Advertisement

Students Add Up Pluses and Minuses of QR Requirement

The requirement was added to the Core this year because Faculty members say a quantitative course fills a gap in the College curriculum. All Core classes are designed to teach ways of thinking, in addition to the individual topics addressed by each course.

"People need to learn how to think quantitatively--we do live in a technological age," says Henry Ehrenreich, Clowes professor of science, who chaired the Core sub-committee on the sciences last year. "We need to understand the numerical ways of expressing trends which have to do with society in a general way. It's very reasonable to add this requirement."

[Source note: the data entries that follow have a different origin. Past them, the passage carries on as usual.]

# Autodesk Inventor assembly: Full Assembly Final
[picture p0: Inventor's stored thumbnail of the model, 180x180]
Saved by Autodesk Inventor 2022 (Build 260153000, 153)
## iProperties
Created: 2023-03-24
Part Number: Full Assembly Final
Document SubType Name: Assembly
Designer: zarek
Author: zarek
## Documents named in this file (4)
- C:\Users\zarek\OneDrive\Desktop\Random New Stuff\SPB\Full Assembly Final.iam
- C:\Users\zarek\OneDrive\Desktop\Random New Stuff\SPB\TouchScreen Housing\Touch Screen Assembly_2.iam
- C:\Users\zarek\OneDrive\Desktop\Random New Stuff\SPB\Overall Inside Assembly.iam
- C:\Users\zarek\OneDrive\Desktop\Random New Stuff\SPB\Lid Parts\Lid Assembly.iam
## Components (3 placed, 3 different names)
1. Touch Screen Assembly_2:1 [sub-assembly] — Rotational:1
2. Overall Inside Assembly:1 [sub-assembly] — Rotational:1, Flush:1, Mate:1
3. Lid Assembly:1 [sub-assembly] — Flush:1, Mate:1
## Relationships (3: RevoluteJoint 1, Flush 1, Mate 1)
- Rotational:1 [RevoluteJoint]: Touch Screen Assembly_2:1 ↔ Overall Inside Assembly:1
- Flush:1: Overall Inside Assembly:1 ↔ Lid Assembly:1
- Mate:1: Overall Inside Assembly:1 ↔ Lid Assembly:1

The professors for the four classes currently offered describe their goals differently. Some say that that it is important to put mathematical concepts to use in the real world.

Advertisement

"I think the QR tends to work very well when you combine it with another subject," says Robert S. Huckman, head teaching fellow (TF) of QR 24: "Health Economics." "It convinces [students] it is worthwhile to learn the ins and outs of statistical analysis."

Professor of Statistics Carl N. Morris, who teaches QR 32, also focuses on real-world applications of statistics in his class.

"The course emphasizes statistical issues applied to real situations (science, law, advertising, experiments, surveys, probabilistic reasoning, forecasts, etc.)," he wrote in an e-mail message. "It teaches students about statistics in a way meant to be applicable in the student's daily lives and to their courses."

The other two QR classes, QR 22: "Deductive Logic" and QR 28: "The Magic of Numbers," focus on understanding abstract mathematical principals rather than applications.

"To understand the world, one doesn't need heavy math, one needs to be able to understand how to make sense of numbers, how to deal with quantitative info," says Loeb Professor of Social Sciences David M. Cutler, who teaches "Health Economics."